Development of an osteosarcoma model with MYCN amplification and TP53 mutation in hiPS cell- derived neural crest cells

Mesenchymal stem cell- or osteoblast-derived osteosarcoma is the most common malignant bone tumor. Its highly metastatic malignant phenotypes, which are often associated with a poor prognosis, have been correlated with the modulation of TP53- and cell-cycle-related pathways. MYC, which regulates the transcription of cell-cycle modulating genes, is used as a representative prognostic marker for osteosarcoma. Another member of the MYC oncoprotein family, MYCN, is highly expressed in a subset of osteosarcoma, however its roles in osteosarcoma have not been fully elucidated. Here, we attempted to create an in vitro tumorigenesis model using hiPSC-derived neural crest cells, which are precursors of mesenchymal stem cells, by overexpressing MYCN on a heterozygous TP53 hotspot mutation (c.733G > A; p.G245S) background. MYCN-expressing TP53 mutated transformed clones were isolated by soft agar colony formation, and administered subcutaneously into the periadrenal adipose tissue of immunodeficient mice, resulting in the development of chondroblastic osteosarcoma. MYCN suppression decreased the proliferation of MYCN-induced osteosarcoma cells, suggesting MYCN as a potential target for a subset of osteosarcoma treatment.

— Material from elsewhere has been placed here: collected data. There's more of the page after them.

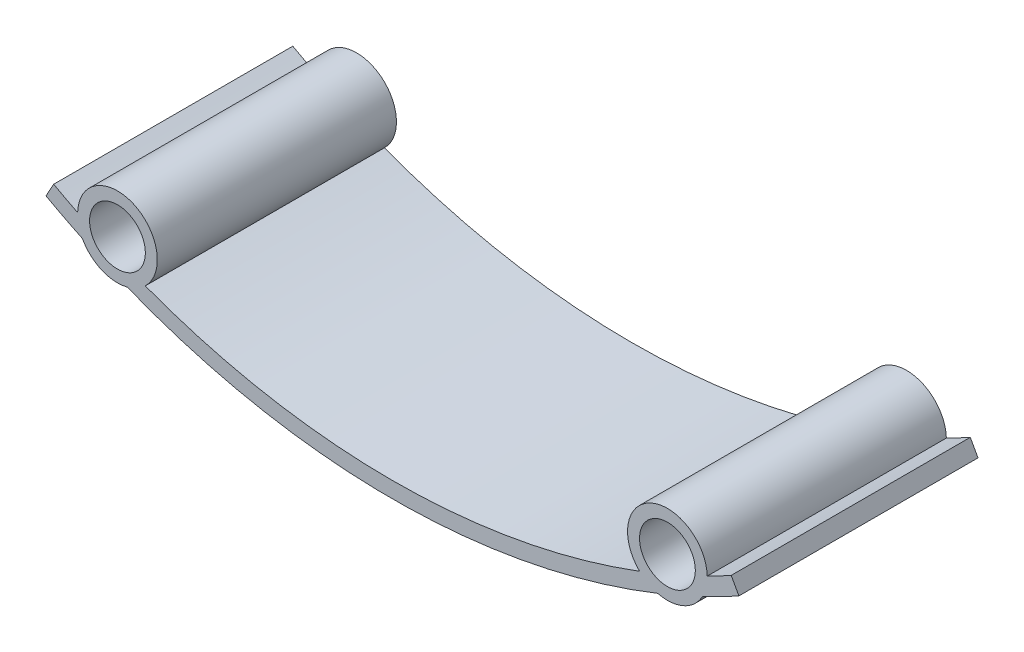
ISO-10303-21;
HEADER;
FILE_DESCRIPTION(('STEP AP214'),'2;1');
FILE_NAME('part.step','',(''),(''),'','','');
FILE_SCHEMA(('AUTOMOTIVE_DESIGN { 1 0 10303 214 1 1 1 1 }'));
ENDSEC;
DATA;
#1=APPLICATION_CONTEXT('core data for automotive mechanical design processes');
#2=APPLICATION_PROTOCOL_DEFINITION('international standard','automotive_design',2000,#1);
#3=PRODUCT_CONTEXT('',#1,'mechanical');
#4=PRODUCT('Part','Part','',(#3));
#5=PRODUCT_RELATED_PRODUCT_CATEGORY('part','',(#4));
#6=PRODUCT_DEFINITION_FORMATION('','',#4);
#7=PRODUCT_DEFINITION_CONTEXT('part definition',#1,'design');
#8=PRODUCT_DEFINITION('design','',#6,#7);
#9=PRODUCT_DEFINITION_SHAPE('','',#8);
#10=(LENGTH_UNIT() NAMED_UNIT(*) SI_UNIT(.MILLI.,.METRE.));
#11=(NAMED_UNIT(*) PLANE_ANGLE_UNIT() SI_UNIT($,.RADIAN.));
#12=(NAMED_UNIT(*) SI_UNIT($,.STERADIAN.) SOLID_ANGLE_UNIT());
#13=UNCERTAINTY_MEASURE_WITH_UNIT(LENGTH_MEASURE(1.E-05),#10,'distance_accuracy_value','');
#14=(GEOMETRIC_REPRESENTATION_CONTEXT(3) GLOBAL_UNCERTAINTY_ASSIGNED_CONTEXT((#13)) GLOBAL_UNIT_ASSIGNED_CONTEXT((#10,
#11,#12)) REPRESENTATION_CONTEXT('',''));
#15=CARTESIAN_POINT('',(0.,0.,0.));
#16=DIRECTION('',(0.,0.,1.));
#17=DIRECTION('',(1.,0.,0.));
#18=AXIS2_PLACEMENT_3D('',#15,#16,#17);
#19=CARTESIAN_POINT('',(34.5,11.2234171850543,30.));
#20=DIRECTION('',(0.,0.,-1.));
#21=DIRECTION('',(-1.,0.,0.));
#22=AXIS2_PLACEMENT_3D('',#19,#20,#21);
#23=CYLINDRICAL_SURFACE('',#22,5.);
#24=CARTESIAN_POINT('',(34.5,11.2234171850543,0.));
#25=DIRECTION('',(0.,0.,1.));
#26=DIRECTION('',(1.,0.,0.));
#27=AXIS2_PLACEMENT_3D('',#24,#25,#26);
#28=CIRCLE('',#27,5.);
#29=CARTESIAN_POINT('',(33.272867255611,6.37634123891438,0.));
#30=VERTEX_POINT('',#29);
#31=CARTESIAN_POINT('',(38.8944529174556,8.83830009017906,0.));
#32=VERTEX_POINT('',#31);
#33=EDGE_CURVE('E166',#30,#32,#28,.T.);
#34=ORIENTED_EDGE('',*,*,#33,.T.);
#35=DIRECTION('',(0.,0.,-1.));
#36=VECTOR('',#35,1.);
#37=CARTESIAN_POINT('',(38.8944529174556,8.83830009017906,30.));
#38=LINE('',#37,#36);
#39=CARTESIAN_POINT('',(38.8944529174556,8.83830009017906,30.));
#40=VERTEX_POINT('',#39);
#41=EDGE_CURVE('E11',#40,#32,#38,.T.);
#42=ORIENTED_EDGE('',*,*,#41,.F.);
#43=CARTESIAN_POINT('',(34.5,11.2234171850543,30.));
#44=DIRECTION('',(0.,0.,1.));
#45=DIRECTION('',(1.,0.,0.));
#46=AXIS2_PLACEMENT_3D('',#43,#44,#45);
#47=CIRCLE('',#46,5.);
#48=CARTESIAN_POINT('',(33.272867255611,6.37634123891438,30.));
#49=VERTEX_POINT('',#48);
#50=EDGE_CURVE('E433',#49,#40,#47,.T.);
#51=ORIENTED_EDGE('',*,*,#50,.F.);
#52=DIRECTION('',(0.,0.,-1.));
#53=VECTOR('',#52,1.);
#54=CARTESIAN_POINT('',(33.272867255611,6.37634123891438,30.));
#55=LINE('',#54,#53);
#56=EDGE_CURVE('E54',#49,#30,#55,.T.);
#57=ORIENTED_EDGE('',*,*,#56,.T.);
#58=EDGE_LOOP('',(#34,#42,#51,#57));
#59=FACE_BOUND('',#58,.T.);
#60=ADVANCED_FACE('F37',(#59),#23,.T.);
#61=CARTESIAN_POINT('',(0.,90.,30.));
#62=DIRECTION('',(0.,0.,-1.));
#63=DIRECTION('',(-1.,0.,0.));
#64=AXIS2_PLACEMENT_3D('',#61,#62,#63);
#65=CYLINDRICAL_SURFACE('',#64,90.);
#66=CARTESIAN_POINT('',(0.,90.,0.));
#67=DIRECTION('',(0.,0.,1.));
#68=DIRECTION('',(1.,0.,0.));
#69=AXIS2_PLACEMENT_3D('',#66,#67,#68);
#70=CIRCLE('',#69,90.);
#71=CARTESIAN_POINT('',(43.4659090909091,11.1919119195192,0.));
#72=VERTEX_POINT('',#71);
#73=EDGE_CURVE('E168',#32,#72,#70,.T.);
#74=ORIENTED_EDGE('',*,*,#73,.T.);
#75=DIRECTION('',(0.,0.,-1.));
#76=VECTOR('',#75,1.);
#77=CARTESIAN_POINT('',(43.4659090909091,11.1919119195192,30.));
#78=LINE('',#77,#76);
#79=CARTESIAN_POINT('',(43.4659090909091,11.1919119195192,30.));
#80=VERTEX_POINT('',#79);
#81=EDGE_CURVE('E46',#80,#72,#78,.T.);
#82=ORIENTED_EDGE('',*,*,#81,.F.);
#83=CARTESIAN_POINT('',(0.,90.,30.));
#84=DIRECTION('',(0.,0.,1.));
#85=DIRECTION('',(1.,0.,0.));
#86=AXIS2_PLACEMENT_3D('',#83,#84,#85);
#87=CIRCLE('',#86,90.);
#88=EDGE_CURVE('E105',#40,#80,#87,.T.);
#89=ORIENTED_EDGE('',*,*,#88,.F.);
#90=ORIENTED_EDGE('',*,*,#41,.T.);
#91=EDGE_LOOP('',(#74,#82,#89,#90));
#92=FACE_BOUND('',#91,.T.);
#93=ADVANCED_FACE('F219',(#92),#65,.T.);
#94=CARTESIAN_POINT('',(38.0607243570502,20.9920583677688,30.));
#95=DIRECTION('',(0.875645423116451,0.482954545454551,0.));
#96=DIRECTION('',(-0.482954545454551,0.875645423116451,0.));
#97=AXIS2_PLACEMENT_3D('',#94,#95,#96);
#98=PLANE('',#97);
#99=DIRECTION('',(0.482954545454551,-0.875645423116451,0.));
#100=VECTOR('',#99,1.);
#101=CARTESIAN_POINT('',(38.0607243570502,20.9920583677688,0.));
#102=LINE('',#101,#100);
#103=CARTESIAN_POINT('',(42.5,12.9432027657521,0.));
#104=VERTEX_POINT('',#103);
#105=EDGE_CURVE('E171',#104,#72,#102,.T.);
#106=ORIENTED_EDGE('',*,*,#105,.F.);
#107=DIRECTION('',(0.,0.,-1.));
#108=VECTOR('',#107,1.);
#109=CARTESIAN_POINT('',(42.5,12.9432027657521,30.));
#110=LINE('',#109,#108);
#111=CARTESIAN_POINT('',(42.5,12.9432027657521,30.));
#112=VERTEX_POINT('',#111);
#113=EDGE_CURVE('E212',#112,#104,#110,.T.);
#114=ORIENTED_EDGE('',*,*,#113,.F.);
#115=DIRECTION('',(0.482954545454551,-0.875645423116451,0.));
#116=VECTOR('',#115,1.);
#117=CARTESIAN_POINT('',(38.0607243570502,20.9920583677688,30.));
#118=LINE('',#117,#116);
#119=EDGE_CURVE('E218',#112,#80,#118,.T.);
#120=ORIENTED_EDGE('',*,*,#119,.T.);
#121=ORIENTED_EDGE('',*,*,#81,.T.);
#122=EDGE_LOOP('',(#106,#114,#120,#121));
#123=FACE_BOUND('',#122,.T.);
#124=ADVANCED_FACE('F216',(#123),#98,.T.);
#125=CARTESIAN_POINT('',(0.,90.,30.));
#126=DIRECTION('',(0.,0.,-1.));
#127=DIRECTION('',(-1.,0.,0.));
#128=AXIS2_PLACEMENT_3D('',#125,#126,#127);
#129=CYLINDRICAL_SURFACE('',#128,88.);
#130=CARTESIAN_POINT('',(0.,90.,0.));
#131=DIRECTION('',(0.,0.,1.));
#132=DIRECTION('',(1.,0.,0.));
#133=AXIS2_PLACEMENT_3D('',#130,#131,#132);
#134=CIRCLE('',#133,88.);
#135=CARTESIAN_POINT('',(39.4980733174448,11.362208803847,0.));
#136=VERTEX_POINT('',#135);
#137=EDGE_CURVE('E174',#104,#136,#134,.F.);
#138=ORIENTED_EDGE('',*,*,#137,.T.);
#139=DIRECTION('',(0.,0.,-1.));
#140=VECTOR('',#139,1.);
#141=CARTESIAN_POINT('',(39.4980733174448,11.362208803847,30.));
#142=LINE('',#141,#140);
#143=CARTESIAN_POINT('',(39.4980733174448,11.362208803847,30.));
#144=VERTEX_POINT('',#143);
#145=EDGE_CURVE('E209',#144,#136,#142,.T.);
#146=ORIENTED_EDGE('',*,*,#145,.F.);
#147=CARTESIAN_POINT('',(0.,90.,30.));
#148=DIRECTION('',(0.,0.,1.));
#149=DIRECTION('',(1.,0.,0.));
#150=AXIS2_PLACEMENT_3D('',#147,#148,#149);
#151=CIRCLE('',#150,88.);
#152=EDGE_CURVE('E237',#112,#144,#151,.F.);
#153=ORIENTED_EDGE('',*,*,#152,.F.);
#154=ORIENTED_EDGE('',*,*,#113,.T.);
#155=EDGE_LOOP('',(#138,#146,#153,#154));
#156=FACE_BOUND('',#155,.T.);
#157=ADVANCED_FACE('F228',(#156),#129,.F.);
#158=CARTESIAN_POINT('',(34.5,11.2234171850543,30.));
#159=DIRECTION('',(0.,0.,-1.));
#160=DIRECTION('',(-1.,0.,0.));
#161=AXIS2_PLACEMENT_3D('',#158,#159,#160);
#162=CYLINDRICAL_SURFACE('',#161,5.00000000000001);
#163=CARTESIAN_POINT('',(34.5,11.2234171850543,0.));
#164=DIRECTION('',(0.,0.,1.));
#165=DIRECTION('',(1.,0.,0.));
#166=AXIS2_PLACEMENT_3D('',#163,#164,#165);
#167=CIRCLE('',#166,5.00000000000001);
#168=CARTESIAN_POINT('',(31.0086194894779,7.64427453202316,0.));
#169=VERTEX_POINT('',#168);
#170=EDGE_CURVE('E176',#136,#169,#167,.T.);
#171=ORIENTED_EDGE('',*,*,#170,.T.);
#172=DIRECTION('',(0.,0.,-1.));
#173=VECTOR('',#172,1.);
#174=CARTESIAN_POINT('',(31.0086194894779,7.64427453202316,30.));
#175=LINE('',#174,#173);
#176=CARTESIAN_POINT('',(31.0086194894779,7.64427453202316,30.));
#177=VERTEX_POINT('',#176);
#178=EDGE_CURVE('E206',#177,#169,#175,.T.);
#179=ORIENTED_EDGE('',*,*,#178,.F.);
#180=CARTESIAN_POINT('',(34.5,11.2234171850543,30.));
#181=DIRECTION('',(0.,0.,1.));
#182=DIRECTION('',(1.,0.,0.));
#183=AXIS2_PLACEMENT_3D('',#180,#181,#182);
#184=CIRCLE('',#183,5.00000000000001);
#185=EDGE_CURVE('E234',#144,#177,#184,.T.);
#186=ORIENTED_EDGE('',*,*,#185,.F.);
#187=ORIENTED_EDGE('',*,*,#145,.T.);
#188=EDGE_LOOP('',(#171,#179,#186,#187));
#189=FACE_BOUND('',#188,.T.);
#190=ADVANCED_FACE('F232',(#189),#162,.T.);
#191=CARTESIAN_POINT('',(0.,90.,30.));
#192=DIRECTION('',(0.,0.,-1.));
#193=DIRECTION('',(-1.,0.,0.));
#194=AXIS2_PLACEMENT_3D('',#191,#192,#193);
#195=CYLINDRICAL_SURFACE('',#194,88.);
#196=CARTESIAN_POINT('',(0.,90.,0.));
#197=DIRECTION('',(0.,0.,1.));
#198=DIRECTION('',(1.,0.,0.));
#199=AXIS2_PLACEMENT_3D('',#196,#197,#198);
#200=CIRCLE('',#199,88.);
#201=CARTESIAN_POINT('',(-31.0086194894779,7.64427453202315,0.));
#202=VERTEX_POINT('',#201);
#203=EDGE_CURVE('E178',#169,#202,#200,.F.);
#204=ORIENTED_EDGE('',*,*,#203,.T.);
#205=DIRECTION('',(0.,0.,-1.));
#206=VECTOR('',#205,1.);
#207=CARTESIAN_POINT('',(-31.0086194894779,7.64427453202315,30.));
#208=LINE('',#207,#206);
#209=CARTESIAN_POINT('',(-31.0086194894779,7.64427453202315,30.));
#210=VERTEX_POINT('',#209);
#211=EDGE_CURVE('E203',#210,#202,#208,.T.);
#212=ORIENTED_EDGE('',*,*,#211,.F.);
#213=CARTESIAN_POINT('',(0.,90.,30.));
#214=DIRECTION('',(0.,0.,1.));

Further, comprehensive analysis of gene expression and exome sequencing of MYCN-induced clones indicated osteosarcoma-specific molecular features, such as the activation of TGF-beta signaling and DNA copy number amplification of GLI1. The model of MYCN-expressing chondroblastic osteosarcoma was developed from hiPSC-derived neural crest cells, providing a useful tool for the development of new tumor models using hiPSC-derived progenitor cells with gene modifications and in vitro transformation.

Automated summary

In this study, an in vitro tumorigenesis model of chondroblastic osteosarcoma was successfully established using hiPSC-derived neural crest cells overexpressing MYCN and with a heterozygous TP53 hotspot mutation. Suppression of MYCN decreased the proliferation of MYCN-induced osteosarcoma cells, indicating MYCN as a potential target for a subset of osteosarcoma treatment. Comprehensive gene expression analysis and exome sequencing revealed osteosarcoma-specific molecular features, including activation of TGF-beta signaling and DNA copy number amplification of GLI1. This study provides a useful tool for the development of new tumor models using gene-modified hiPSC-derived progenitor cells.